Comment définir le “grand luxe” monégasque ? La règle d’or de tout agent immobilier, à savoir l’emplacement, n’a ici que peu de valeur : “c’est la hauteur qui garantit la pérennité de la vue” pour Claude Mimet, directeur commercial de Dumez Immobilier. 
Et la vue fait le prix.

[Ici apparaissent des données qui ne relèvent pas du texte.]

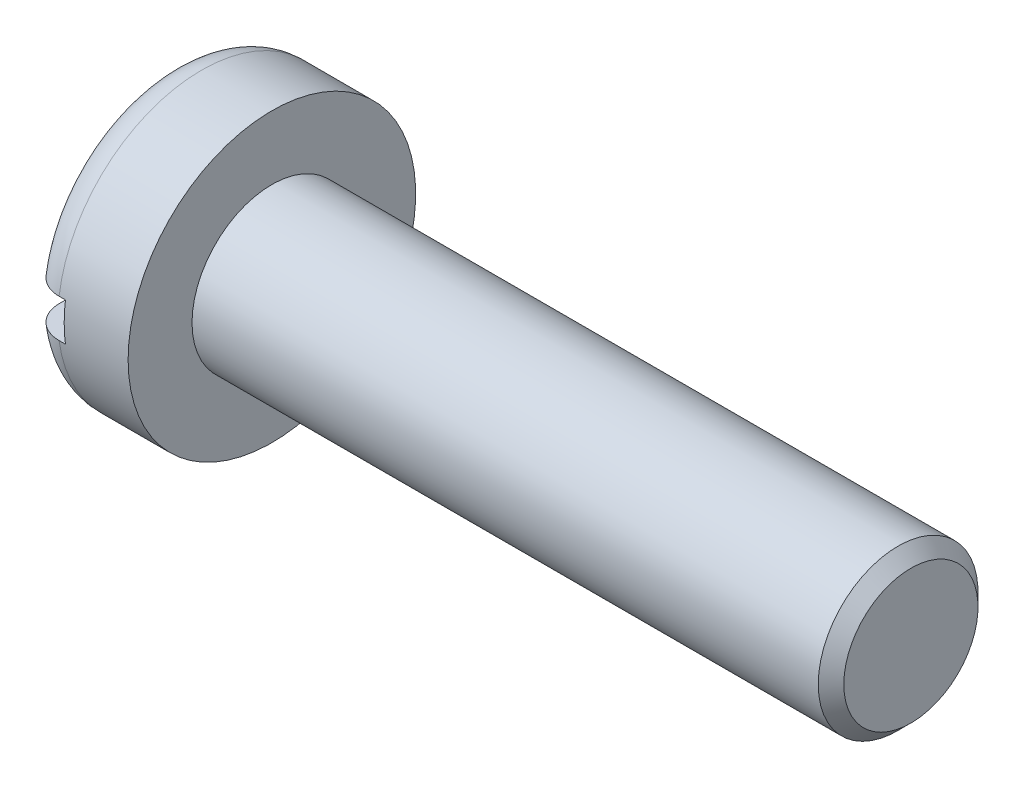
ISO-10303-21;
HEADER;
FILE_DESCRIPTION(('STEP AP214'),'2;1');
FILE_NAME('part.step','',(''),(''),'','','');
FILE_SCHEMA(('AUTOMOTIVE_DESIGN { 1 0 10303 214 1 1 1 1 }'));
ENDSEC;
DATA;
#1=APPLICATION_CONTEXT('core data for automotive mechanical design processes');
#2=APPLICATION_PROTOCOL_DEFINITION('international standard','automotive_design',2000,#1);
#3=PRODUCT_CONTEXT('',#1,'mechanical');
#4=PRODUCT('Part','Part','',(#3));
#5=PRODUCT_RELATED_PRODUCT_CATEGORY('part','',(#4));
#6=PRODUCT_DEFINITION_FORMATION('','',#4);
#7=PRODUCT_DEFINITION_CONTEXT('part definition',#1,'design');
#8=PRODUCT_DEFINITION('design','',#6,#7);
#9=PRODUCT_DEFINITION_SHAPE('','',#8);
#10=(LENGTH_UNIT() NAMED_UNIT(*) SI_UNIT(.MILLI.,.METRE.));
#11=(NAMED_UNIT(*) PLANE_ANGLE_UNIT() SI_UNIT($,.RADIAN.));
#12=(NAMED_UNIT(*) SI_UNIT($,.STERADIAN.) SOLID_ANGLE_UNIT());
#13=UNCERTAINTY_MEASURE_WITH_UNIT(LENGTH_MEASURE(1.E-05),#10,'distance_accuracy_value','');
#14=(GEOMETRIC_REPRESENTATION_CONTEXT(3) GLOBAL_UNCERTAINTY_ASSIGNED_CONTEXT((#13)) GLOBAL_UNIT_ASSIGNED_CONTEXT((#10,
#11,#12)) REPRESENTATION_CONTEXT('',''));
#15=CARTESIAN_POINT('',(0.,0.,0.));
#16=DIRECTION('',(0.,0.,1.));
#17=DIRECTION('',(1.,0.,0.));
#18=AXIS2_PLACEMENT_3D('',#15,#16,#17);
#19=CARTESIAN_POINT('',(-1.6,0.,0.));
#20=DIRECTION('',(1.,0.,0.));
#21=DIRECTION('',(0.,0.,-1.));
#22=AXIS2_PLACEMENT_3D('',#19,#20,#21);
#23=PLANE('',#22);
#24=CARTESIAN_POINT('',(-1.6,0.,0.));
#25=DIRECTION('',(1.,0.,0.));
#26=DIRECTION('',(0.,0.,-1.));
#27=AXIS2_PLACEMENT_3D('',#24,#25,#26);
#28=CIRCLE('',#27,1.75);
#29=CARTESIAN_POINT('',(-1.6,0.3,1.72409396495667));
#30=VERTEX_POINT('',#29);
#31=CARTESIAN_POINT('',(-1.6,0.3,-1.72409396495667));
#32=VERTEX_POINT('',#31);
#33=EDGE_CURVE('E129',#30,#32,#28,.F.);
#34=ORIENTED_EDGE('',*,*,#33,.T.);
#35=DIRECTION('',(0.,0.,1.));
#36=VECTOR('',#35,1.);
#37=CARTESIAN_POINT('',(-1.6,0.3,0.));
#38=LINE('',#37,#36);
#39=EDGE_CURVE('E105',#32,#30,#38,.T.);
#40=ORIENTED_EDGE('',*,*,#39,.T.);
#41=EDGE_LOOP('',(#34,#40));
#42=FACE_BOUND('',#41,.T.);
#43=ADVANCED_FACE('F32',(#42),#23,.F.);
#44=CARTESIAN_POINT('',(-1.1,0.,0.));
#45=DIRECTION('',(1.,0.,0.));
#46=DIRECTION('',(0.,0.,-1.));
#47=AXIS2_PLACEMENT_3D('',#44,#45,#46);
#48=TOROIDAL_SURFACE('',#47,1.75,0.5);
#49=CARTESIAN_POINT('',(-1.37484515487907,0.3,-2.14682441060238));
#50=CARTESIAN_POINT('',(-1.35159837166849,0.3,-2.16226847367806));
#51=CARTESIAN_POINT('',(-1.32703674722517,0.3,-2.17576843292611));
#52=CARTESIAN_POINT('',(-1.27597711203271,0.3,-2.19846715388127));
#53=CARTESIAN_POINT('',(-1.2494769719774,0.3,-2.2076611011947));
#54=CARTESIAN_POINT('',(-1.19531286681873,0.3,-2.22145970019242));
#55=CARTESIAN_POINT('',(-1.16764923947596,0.3,-2.22606567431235));
#56=CARTESIAN_POINT('',(-1.11194836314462,0.3,-2.23055342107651));
#57=CARTESIAN_POINT('',(-1.08391120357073,0.3,-2.23043630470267));
#58=CARTESIAN_POINT('',(-1.02832256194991,0.3,-2.22549062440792));
#59=CARTESIAN_POINT('',(-1.00077008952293,0.3,-2.22067318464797));
#60=CARTESIAN_POINT('',(-0.946863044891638,0.3,-2.20648531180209));
#61=CARTESIAN_POINT('',(-0.9205085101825,0.3,-2.19711473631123));
#62=CARTESIAN_POINT('',(-0.869713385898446,0.3,-2.17408401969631));
#63=CARTESIAN_POINT('',(-0.845274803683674,0.3,-2.16041945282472));
#64=CARTESIAN_POINT('',(-0.799022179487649,0.3,-2.12920293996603));
#65=CARTESIAN_POINT('',(-0.777208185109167,0.3,-2.11165092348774));
#66=CARTESIAN_POINT('',(-0.736688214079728,0.3,-2.07305801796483));
#67=CARTESIAN_POINT('',(-0.718000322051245,0.3,-2.05199814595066));
#68=CARTESIAN_POINT('',(-0.684386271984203,0.3,-2.00706528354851));
#69=CARTESIAN_POINT('',(-0.669460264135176,0.3,-1.98319218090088));
#70=CARTESIAN_POINT('',(-0.643637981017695,0.3,-1.9330703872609));
#71=CARTESIAN_POINT('',(-0.632781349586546,0.3,-1.90680127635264));
#72=CARTESIAN_POINT('',(-0.615575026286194,0.3,-1.85282685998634));
#73=CARTESIAN_POINT('',(-0.609225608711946,0.3,-1.82512146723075));
#74=CARTESIAN_POINT('',(-0.601134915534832,0.3,-1.76871209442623));
#75=CARTESIAN_POINT('',(-0.599448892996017,0.3,-1.74000018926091));
#76=CARTESIAN_POINT('',(-0.600866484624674,0.3,-1.68269474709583));
#77=CARTESIAN_POINT('',(-0.603970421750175,0.3,-1.6541012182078));
#78=CARTESIAN_POINT('',(-0.614926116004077,0.3,-1.59752108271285));
#79=CARTESIAN_POINT('',(-0.622828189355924,0.3,-1.56954421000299));
#80=CARTESIAN_POINT('',(-0.64319886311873,0.3,-1.51530400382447));
#81=CARTESIAN_POINT('',(-0.655667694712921,0.3,-1.4890407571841));
#82=CARTESIAN_POINT('',(-0.684887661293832,0.3,-1.43888566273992));
#83=CARTESIAN_POINT('',(-0.701654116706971,0.3,-1.41500273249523));
#84=CARTESIAN_POINT('',(-0.738996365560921,0.3,-1.3704249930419));
#85=CARTESIAN_POINT('',(-0.759572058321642,0.3,-1.3497300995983));
#86=CARTESIAN_POINT('',(-0.803744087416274,0.3,-1.31236659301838));
#87=CARTESIAN_POINT('',(-0.827307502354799,0.3,-1.2956590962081));
#88=CARTESIAN_POINT('',(-0.87696028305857,0.3,-1.26655119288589));
#89=CARTESIAN_POINT('',(-0.903049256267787,0.3,-1.25415011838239));
#90=CARTESIAN_POINT('',(-0.956342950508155,0.3,-1.23433270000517));
#91=CARTESIAN_POINT('',(-0.983505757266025,0.3,-1.22680366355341));
#92=CARTESIAN_POINT('',(-1.03872085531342,0.3,-1.21653349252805));
#93=CARTESIAN_POINT('',(-1.06677299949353,0.3,-1.21379157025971));
#94=CARTESIAN_POINT('',(-1.1222826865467,0.3,-1.21320213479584));
#95=CARTESIAN_POINT('',(-1.14973911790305,0.3,-1.2152438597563));
#96=CARTESIAN_POINT('',(-1.20391503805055,0.3,-1.22391943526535));
#97=CARTESIAN_POINT('',(-1.2306345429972,0.3,-1.23055318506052));
#98=CARTESIAN_POINT('',(-1.28254056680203,0.3,-1.24816695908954));
#99=CARTESIAN_POINT('',(-1.30772988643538,0.3,-1.25913874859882));
#100=CARTESIAN_POINT('',(-1.355961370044,0.3,-1.28507281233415));
#101=CARTESIAN_POINT('',(-1.37900332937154,0.3,-1.30003546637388));
#102=CARTESIAN_POINT('',(-1.42279768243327,0.3,-1.33384228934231));
#103=CARTESIAN_POINT('',(-1.4434935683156,0.3,-1.35275962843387));
#104=CARTESIAN_POINT('',(-1.48151295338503,0.3,-1.39372385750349));
#105=CARTESIAN_POINT('',(-1.49883601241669,0.3,-1.41577115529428));
#106=CARTESIAN_POINT('',(-1.53006409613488,0.3,-1.46296912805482));
#107=CARTESIAN_POINT('',(-1.54387250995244,0.3,-1.4881837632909));
#108=CARTESIAN_POINT('',(-1.56712734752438,0.3,-1.54055072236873));
#109=CARTESIAN_POINT('',(-1.57657339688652,0.3,-1.56770321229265));
#110=CARTESIAN_POINT('',(-1.59094414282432,0.3,-1.62357876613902));
#111=CARTESIAN_POINT('',(-1.59580506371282,0.3,-1.65231826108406));
#112=CARTESIAN_POINT('',(-1.60062987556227,0.3,-1.71020521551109));
#113=CARTESIAN_POINT('',(-1.60059390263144,0.3,-1.7393526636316));
#114=CARTESIAN_POINT('',(-1.59560663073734,0.3,-1.79720041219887));
#115=CARTESIAN_POINT('',(-1.59065948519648,0.3,-1.82590106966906));
#116=CARTESIAN_POINT('',(-1.57596753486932,0.3,-1.88205618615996));
#117=CARTESIAN_POINT('',(-1.56622174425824,0.3,-1.90951038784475));
#118=CARTESIAN_POINT('',(-1.54230058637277,0.3,-1.96210966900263));
#119=CARTESIAN_POINT('',(-1.52816662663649,0.3,-1.98727360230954));
#120=CARTESIAN_POINT('',(-1.49583411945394,0.3,-2.0348084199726));
#121=CARTESIAN_POINT('',(-1.47764077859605,0.3,-2.05718282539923));
#122=CARTESIAN_POINT('',(-1.44517001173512,0.3,-2.09077434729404));
#123=CARTESIAN_POINT('',(-1.43196062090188,0.3,-2.10304166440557));
#124=CARTESIAN_POINT('',(-1.40429835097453,0.3,-2.12608393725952));
#125=CARTESIAN_POINT('',(-1.38984548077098,0.3,-2.13685890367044));
#126=CARTESIAN_POINT('',(-1.37484515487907,0.3,-2.14682441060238));
#127=B_SPLINE_CURVE_WITH_KNOTS('',3,(#49,#50,#51,#52,#53,#54,#55,#56,#57,#58,#59,#60,#61,#62,
#63,#64,#65,#66,#67,#68,#69,#70,#71,#72,#73,#74,#75,#76,#77,#78,#79,#80,#81,#82,#83,#84,#85,#86,
#87,#88,#89,#90,#91,#92,#93,#94,#95,#96,#97,#98,#99,#100,#101,#102,#103,#104,#105,#106,#107,
#108,#109,#110,#111,#112,#113,#114,#115,#116,#117,#118,#119,#120,#121,#122,#123,#124,#125,#126),
.UNSPECIFIED.,.T.,.F.,(4,2,2,2,2,2,2,2,2,2,2,2,2,2,2,2,2,2,2,2,2,2,2,2,2,2,2,2,2,2,2,2,2,2,2,2,
2,2,4),(0.,0.0836627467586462,0.167418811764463,0.251150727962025,0.334862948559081,
0.418377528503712,0.501894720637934,0.585498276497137,0.669103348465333,0.753176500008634,
0.837253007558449,0.922128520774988,1.00700919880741,1.0928913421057,1.17877927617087,
1.26558382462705,1.35239276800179,1.43951558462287,1.52663609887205,1.612868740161,
1.69908799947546,1.78323402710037,1.86736620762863,1.94956968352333,2.03177135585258,
2.11381773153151,2.1958719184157,2.27960538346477,2.36334976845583,2.44919427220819,
2.53504614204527,2.62207526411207,2.70910196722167,2.79605513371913,2.88302617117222,
2.96920027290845,3.05526447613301,3.10924946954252,3.16323407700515),.UNSPECIFIED.);
#128=CARTESIAN_POINT('',(-1.09999999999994,0.3,-2.22991031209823));
#129=VERTEX_POINT('',#128);
#130=EDGE_CURVE('E55',#32,#129,#127,.T.);
#131=ORIENTED_EDGE('',*,*,#130,.F.);
#132=ORIENTED_EDGE('',*,*,#33,.F.);
#133=CARTESIAN_POINT('',(-1.34281787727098,0.3,1.27818514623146));
#134=CARTESIAN_POINT('',(-1.31890863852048,0.3,1.26454281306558));
#135=CARTESIAN_POINT('',(-1.29385190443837,0.3,1.25287702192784));
#136=CARTESIAN_POINT('',(-1.24212233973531,0.3,1.23389258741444));
#137=CARTESIAN_POINT('',(-1.21544810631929,0.3,1.22657777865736));
#138=CARTESIAN_POINT('',(-1.16123621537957,0.3,1.21655743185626));
#139=CARTESIAN_POINT('',(-1.133698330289,0.3,1.21385311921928));
#140=CARTESIAN_POINT('',(-1.07856921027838,0.3,1.21315661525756));
#141=CARTESIAN_POINT('',(-1.05097798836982,0.3,1.21516339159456));
#142=CARTESIAN_POINT('',(-0.996779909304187,0.3,1.22377481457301));
#143=CARTESIAN_POINT('',(-0.97016642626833,0.3,1.23033790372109));
#144=CARTESIAN_POINT('',(-0.9184000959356,0.3,1.24779314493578));
#145=CARTESIAN_POINT('',(-0.893247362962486,0.3,1.25868563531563));
#146=CARTESIAN_POINT('',(-0.84481631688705,0.3,1.28458449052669));
#147=CARTESIAN_POINT('',(-0.821560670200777,0.3,1.29963319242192));
#148=CARTESIAN_POINT('',(-0.77782373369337,0.3,1.33333003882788));
#149=CARTESIAN_POINT('',(-0.757342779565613,0.3,1.35197861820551));
#150=CARTESIAN_POINT('',(-0.719186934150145,0.3,1.39285292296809));
#151=CARTESIAN_POINT('',(-0.701596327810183,0.3,1.41515733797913));
#152=CARTESIAN_POINT('',(-0.670317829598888,0.3,1.4623528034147));
#153=CARTESIAN_POINT('',(-0.65663037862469,0.3,1.48724414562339));
#154=CARTESIAN_POINT('',(-0.633271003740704,0.3,1.53946627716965));
#155=CARTESIAN_POINT('',(-0.623687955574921,0.3,1.56683686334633));
#156=CARTESIAN_POINT('',(-0.609220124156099,0.3,1.6227936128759));
#157=CARTESIAN_POINT('',(-0.60433556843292,0.3,1.65137983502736));
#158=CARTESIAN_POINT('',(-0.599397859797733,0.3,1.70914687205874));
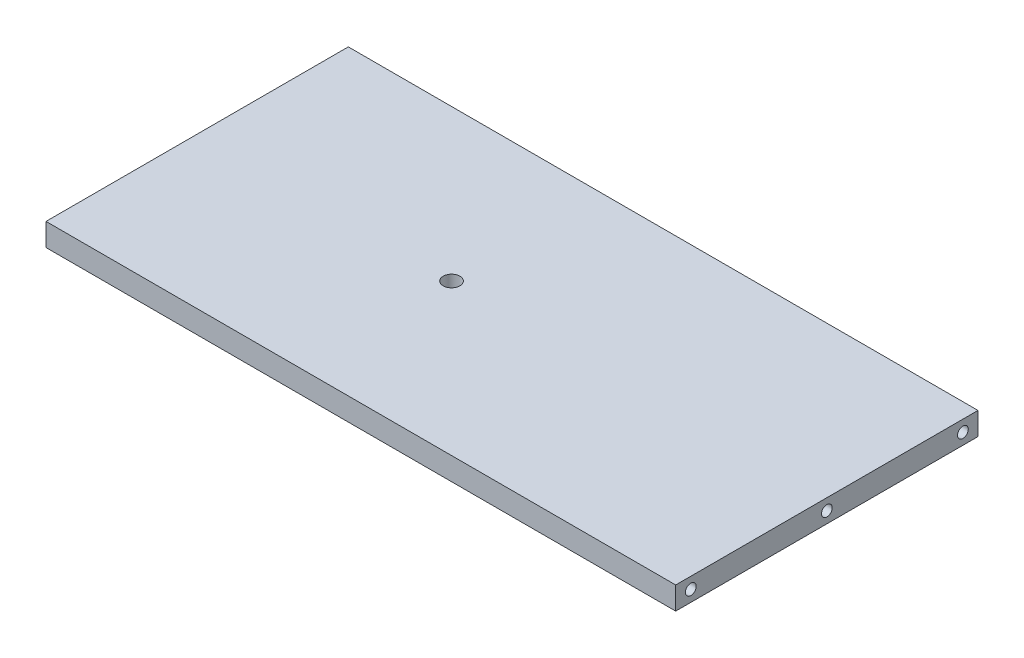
ISO-10303-21;
HEADER;
FILE_DESCRIPTION(('STEP AP214'),'2;1');
FILE_NAME('part.step','',(''),(''),'','','');
FILE_SCHEMA(('AUTOMOTIVE_DESIGN { 1 0 10303 214 1 1 1 1 }'));
ENDSEC;
DATA;
#1=APPLICATION_CONTEXT('core data for automotive mechanical design processes');
#2=APPLICATION_PROTOCOL_DEFINITION('international standard','automotive_design',2000,#1);
#3=PRODUCT_CONTEXT('',#1,'mechanical');
#4=PRODUCT('Part','Part','',(#3));
#5=PRODUCT_RELATED_PRODUCT_CATEGORY('part','',(#4));
#6=PRODUCT_DEFINITION_FORMATION('','',#4);
#7=PRODUCT_DEFINITION_CONTEXT('part definition',#1,'design');
#8=PRODUCT_DEFINITION('design','',#6,#7);
#9=PRODUCT_DEFINITION_SHAPE('','',#8);
#10=(LENGTH_UNIT() NAMED_UNIT(*) SI_UNIT(.MILLI.,.METRE.));
#11=(NAMED_UNIT(*) PLANE_ANGLE_UNIT() SI_UNIT($,.RADIAN.));
#12=(NAMED_UNIT(*) SI_UNIT($,.STERADIAN.) SOLID_ANGLE_UNIT());
#13=UNCERTAINTY_MEASURE_WITH_UNIT(LENGTH_MEASURE(1.E-05),#10,'distance_accuracy_value','');
#14=(GEOMETRIC_REPRESENTATION_CONTEXT(3) GLOBAL_UNCERTAINTY_ASSIGNED_CONTEXT((#13)) GLOBAL_UNIT_ASSIGNED_CONTEXT((#10,
#11,#12)) REPRESENTATION_CONTEXT('',''));
#15=CARTESIAN_POINT('',(0.,0.,0.));
#16=DIRECTION('',(0.,0.,1.));
#17=DIRECTION('',(1.,0.,0.));
#18=AXIS2_PLACEMENT_3D('',#15,#16,#17);
#19=CARTESIAN_POINT('',(66.13525,4.7625,31.75));
#20=DIRECTION('',(-1.,0.,0.));
#21=DIRECTION('',(0.,0.,1.));
#22=AXIS2_PLACEMENT_3D('',#19,#20,#21);
#23=PLANE('',#22);
#24=CARTESIAN_POINT('',(66.13525,2.38125000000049,28.575));
#25=DIRECTION('',(-1.,0.,0.));
#26=DIRECTION('',(0.,0.,-1.));
#27=AXIS2_PLACEMENT_3D('',#24,#25,#26);
#28=CIRCLE('',#27,1.1303);
#29=CARTESIAN_POINT('',(66.13525,2.38125000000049,27.4447));
#30=VERTEX_POINT('',#29);
#31=EDGE_CURVE('E133',#30,#30,#28,.T.);
#32=ORIENTED_EDGE('',*,*,#31,.T.);
#33=EDGE_LOOP('',(#32));
#34=FACE_BOUND('',#33,.T.);
#35=DIRECTION('',(0.,0.,-1.));
#36=VECTOR('',#35,1.);
#37=CARTESIAN_POINT('',(66.13525,0.,31.75));
#38=LINE('',#37,#36);
#39=CARTESIAN_POINT('',(66.13525,0.,31.75));
#40=VERTEX_POINT('',#39);
#41=CARTESIAN_POINT('',(66.13525,0.,-31.75));
#42=VERTEX_POINT('',#41);
#43=EDGE_CURVE('E94',#40,#42,#38,.T.);
#44=ORIENTED_EDGE('',*,*,#43,.T.);
#45=DIRECTION('',(0.,-1.,0.));
#46=VECTOR('',#45,1.);
#47=CARTESIAN_POINT('',(66.13525,4.7625,-31.75));
#48=LINE('',#47,#46);
#49=CARTESIAN_POINT('',(66.13525,4.7625,-31.75));
#50=VERTEX_POINT('',#49);
#51=EDGE_CURVE('E11',#50,#42,#48,.T.);
#52=ORIENTED_EDGE('',*,*,#51,.F.);
#53=DIRECTION('',(0.,0.,-1.));
#54=VECTOR('',#53,1.);
#55=CARTESIAN_POINT('',(66.13525,4.7625,31.75));
#56=LINE('',#55,#54);
#57=CARTESIAN_POINT('',(66.13525,4.7625,31.75));
#58=VERTEX_POINT('',#57);
#59=EDGE_CURVE('E82',#58,#50,#56,.T.);
#60=ORIENTED_EDGE('',*,*,#59,.F.);
#61=DIRECTION('',(0.,-1.,0.));
#62=VECTOR('',#61,1.);
#63=CARTESIAN_POINT('',(66.13525,4.7625,31.75));
#64=LINE('',#63,#62);
#65=EDGE_CURVE('E90',#58,#40,#64,.T.);
#66=ORIENTED_EDGE('',*,*,#65,.T.);
#67=EDGE_LOOP('',(#44,#52,#60,#66));
#68=FACE_BOUND('',#67,.T.);
#69=CARTESIAN_POINT('',(66.13525,2.38125000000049,-28.575));
#70=DIRECTION('',(-1.,0.,0.));
#71=DIRECTION('',(0.,0.,1.));
#72=AXIS2_PLACEMENT_3D('',#69,#70,#71);
#73=CIRCLE('',#72,1.1303);
#74=CARTESIAN_POINT('',(66.13525,2.38125000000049,-27.4447));
#75=VERTEX_POINT('',#74);
#76=EDGE_CURVE('E127',#75,#75,#73,.T.);
#77=ORIENTED_EDGE('',*,*,#76,.T.);
#78=EDGE_LOOP('',(#77));
#79=FACE_BOUND('',#78,.T.);
#80=CARTESIAN_POINT('',(66.13525,2.38125,0.));
#81=DIRECTION('',(-1.,0.,0.));
#82=DIRECTION('',(0.,0.,1.));
#83=AXIS2_PLACEMENT_3D('',#80,#81,#82);
#84=CIRCLE('',#83,1.1303);
#85=CARTESIAN_POINT('',(66.13525,2.38125,1.1303));
#86=VERTEX_POINT('',#85);
#87=EDGE_CURVE('E139',#86,#86,#84,.T.);
#88=ORIENTED_EDGE('',*,*,#87,.T.);
#89=EDGE_LOOP('',(#88));
#90=FACE_BOUND('',#89,.T.);
#91=ADVANCED_FACE('F31',(#34,#68,#79,#90),#23,.F.);
#92=CARTESIAN_POINT('',(-66.13525,4.7625,-31.75));
#93=DIRECTION('',(0.,0.,1.));
#94=DIRECTION('',(1.,0.,0.));
#95=AXIS2_PLACEMENT_3D('',#92,#93,#94);
#96=PLANE('',#95);
#97=DIRECTION('',(-1.,0.,0.));
#98=VECTOR('',#97,1.);
#99=CARTESIAN_POINT('',(-66.13525,0.,-31.75));
#100=LINE('',#99,#98);
#101=CARTESIAN_POINT('',(-66.13525,0.,-31.75));
#102=VERTEX_POINT('',#101);
#103=EDGE_CURVE('E86',#42,#102,#100,.T.);
#104=ORIENTED_EDGE('',*,*,#103,.T.);
#105=DIRECTION('',(0.,-1.,0.));
#106=VECTOR('',#105,1.);
#107=CARTESIAN_POINT('',(-66.13525,4.7625,-31.75));
#108=LINE('',#107,#106);
#109=CARTESIAN_POINT('',(-66.13525,4.7625,-31.75));
#110=VERTEX_POINT('',#109);
#111=EDGE_CURVE('E39',#110,#102,#108,.T.);
#112=ORIENTED_EDGE('',*,*,#111,.F.);
#113=DIRECTION('',(-1.,0.,0.));
#114=VECTOR('',#113,1.);
#115=CARTESIAN_POINT('',(-66.13525,4.7625,-31.75));
#116=LINE('',#115,#114);
#117=EDGE_CURVE('E77',#50,#110,#116,.T.);
#118=ORIENTED_EDGE('',*,*,#117,.F.);
#119=ORIENTED_EDGE('',*,*,#51,.T.);
#120=EDGE_LOOP('',(#104,#112,#118,#119));
#121=FACE_BOUND('',#120,.T.);
#122=ADVANCED_FACE('F85',(#121),#96,.F.);
#123=CARTESIAN_POINT('',(-66.13525,4.7625,31.75));
#124=DIRECTION('',(1.,0.,0.));
#125=DIRECTION('',(0.,0.,-1.));
#126=AXIS2_PLACEMENT_3D('',#123,#124,#125);
#127=PLANE('',#126);
#128=CARTESIAN_POINT('',(-66.13525,2.38125,0.));
#129=DIRECTION('',(-1.,0.,0.));
#130=DIRECTION('',(0.,0.,1.));
#131=AXIS2_PLACEMENT_3D('',#128,#129,#130);
#132=CIRCLE('',#131,1.1303);
#133=CARTESIAN_POINT('',(-66.13525,2.38125,1.1303));
#134=VERTEX_POINT('',#133);
#135=EDGE_CURVE('E121',#134,#134,#132,.T.);
#136=ORIENTED_EDGE('',*,*,#135,.F.);
#137=EDGE_LOOP('',(#136));
#138=FACE_BOUND('',#137,.T.);
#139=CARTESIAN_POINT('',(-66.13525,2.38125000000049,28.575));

Peu importe le quartier ? Quand même pas : le quartier le plus prestigieux, c’est le Carré d’Or autour de la place du Casino, encore appelé en toute simplicité “le centre” par les initiés.
Ensuite, les prix baissent de 10 à 15% quand on s’éloigne vers  l’est et vers l’ouest. 
Fontvieille connait une décôte supplémentaire à cause de son accès obligé par un tunnel, entrée certes pas très noble - même si le Seaside Plaza, fleuron de Fontvieille (à droite),  mérite bien le qualificatif de “prestigieux”.
Bien sûr, le B-A BA du luxe se décline en  marbres et bois précieux omniprésents, chaque chambre possédant sa salle de bain privative, piscine et jardin obligatoires. 
Sans oublier l’atout Numéro Un, la Sécurité. Un coffre-fort dissimulé dans un placard, dans un appartement surveillé par une caméra, elle-même reliée à un poste de gardiennage, lui-même relié directement à la police monégasque, sans doute la plus efficace au monde. 
Voila le comble du luxe, ambiance un tantinet “parano” incluse !
Quant aux prix - évidemment hors de prix - ils se murmurent ou bien ils s’affichent dans les journaux : 113 millions pour une villa au Prince de Galles, 110.000 francs le mètre carré l’appartement à l’Hôtel de Rome … Trop tard, tout est vendu. 
Mais visitons ensemble les plus beaux appartements.
Evanouies, les glorieuses années 80 …

Un secteur immobilier passé ces dernières années de 30% à 15% des recettes de l’Etat (par le biais de la TVA), c’était bel et bien un signe de crise dans le milieu des années 90. Ne restait plus aux professionnels que le souvenir nostalgique des plus-values exceptionnelles : jusqu’à  3500% entre les années 1960 et 90. Depuis l’époque de la guerre du Golfe (1991), les transactions diminuaient, se faisant de plus en plus lentement, en trois mois voire un an au lieu de dix jours. L’année 95 avait très mal commencé : “le marché est très calme, pour ne pas dire morose” selon les termes très modérés de Raoul Boni, président de la Chambre Immobilière. Les prix étaient en baisse dans la location, on négociait ferme dans la vente - quand on avait la chance d’avoir un client. Le marché était malade. Du moins pour le court terme. Car, comme le faisait remarquer Claude Mimet : “la rareté des produits soutient le marché quand les transactions faiblissent et dès qu’elles repartent, les prix s’envolent. Une rareté gage de plus-value pour l’avenir.”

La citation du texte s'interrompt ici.